The latest analysis from The Senior Citizens League reveals a startling truth: Social Security income has lost a staggering 36% of its purchasing power since the beginning of this century. A recent report shows that there has been a loss of buying power of about 20% since 2010.
The Core Issue: Inflation Impact on Seniors
The primary concern is that the factors driving the current inflation rate are directly tied to the expenses that are most crucial for seniors. Unlike the average working American, seniors allocate a significantly larger portion of their monthly budget to shelter and medical care.
Shelter: A Major Contributor to CPI-W
Shelter holds the largest weighting in the Consumer Price Index for Urban Wage Earners and Clerical Workers (CPI-W) compared to any other category. The Federal Reserve’s aggressive rate-hiking cycle, the most intense in four decades, has resulted in soaring mortgage rates and a dramatic slowdown in existing home sales. Consequently, rent inflation has remained persistently high, further elevating the CPI-W.
Medical Services: A Rising Concern
In recent months, we’ve observed a resurgence in the inflation rate for medical services, adding another layer of financial strain for seniors.

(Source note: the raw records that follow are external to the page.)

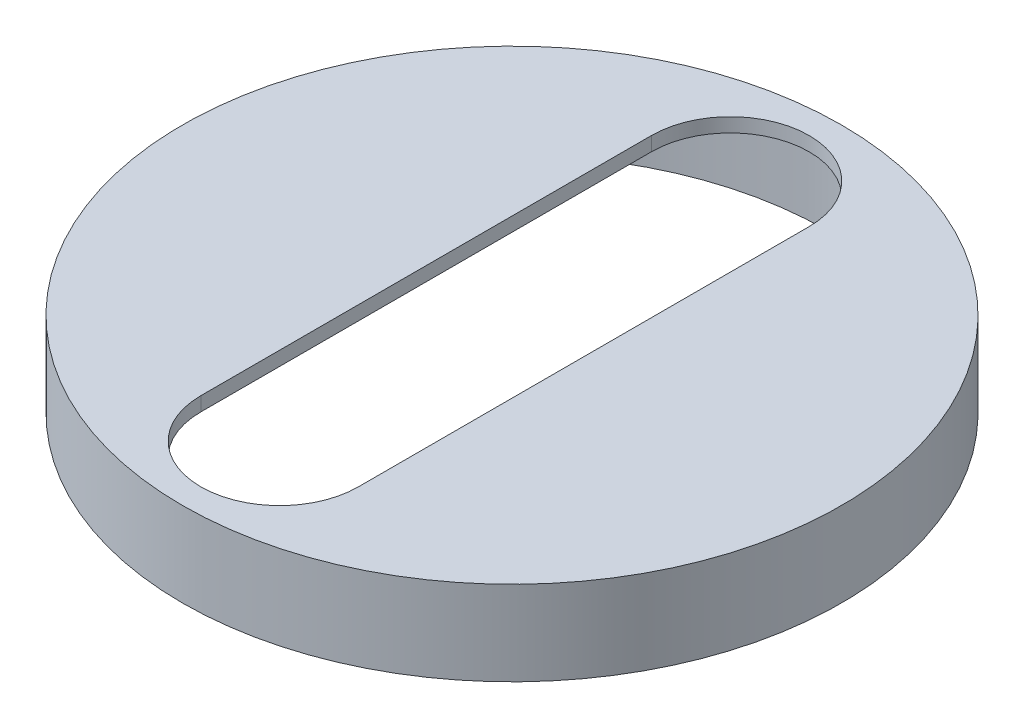
SolidWorks part; units mm, degrees
ref_plane "Front Plane" through (0, 0, 0) normal (0, 0, 1) x (1, 0, 0)
ref_plane "Top Plane" through (0, 0, 0) normal (0, 1, 0) x (1, 0, 0)
ref_plane "Right Plane" through (0, 0, 0) normal (1, 0, 0) x (0, 0, -1)
sketch "Sketch1" plane through (0, 0, 0) normal (0, 1, 0) x (1, 0, 0)
  line L3 (51, 160) -> (51, -160)
  line L4 (-61, -160) -> (-61, 160)
  circle A0 centre (0, 0) radius 224
  arc A1 (-61, -160) -> (51, -160) centre (-5, -160) ccw
  arc A2 (51, 160) -> (-61, 160) centre (-5, 160) ccw
  circle A3 centre (0, 0) radius 234
  dimension "D1" = 10
  dimension "D2" = 448
extrude "Boss-Extrude1" add sketch "Sketch1" against normal blind 60 contours A3 A0 region at (-227.3815, 0, 0)
extrude "Boss-Extrude2" add sketch "Sketch1<3>" against normal blind 10 contours A0 A2 L3 A1 L4 region at (-217.6643, 0, 0)
sketch "Sketch1<3>" plane through (0, 0, 0) normal (0, 1, 0) x (1, 0, 0) same geometry as "Sketch1"

In summary, the combination of rising costs for shelter and medical care means that the purchasing power of Social Security income continues to erode, significantly impacting the financial well-being of seniors.
Key Points to Remember:
- Social Security income has lost 20% of its purchasing power since 2010.
- Seniors spend a larger portion of their budget on shelter and medical care compared to average working Americans.
- The Federal Reserve’s rate hikes have increased mortgage rates and slowed home sales.
- Rent inflation remains high, boosting the CPI-W.
- Medical services inflation is on the rise again.
Retirees hoping for a significant boost from Social Security’s 2025 cost-of-living adjustment (COLA) might be disappointed. Even if the adjustment reaches 3% or slightly higher, it will likely fall short of countering the current inflation rates. In essence, retirees might face yet another year where the increase is insufficient to meet rising costs.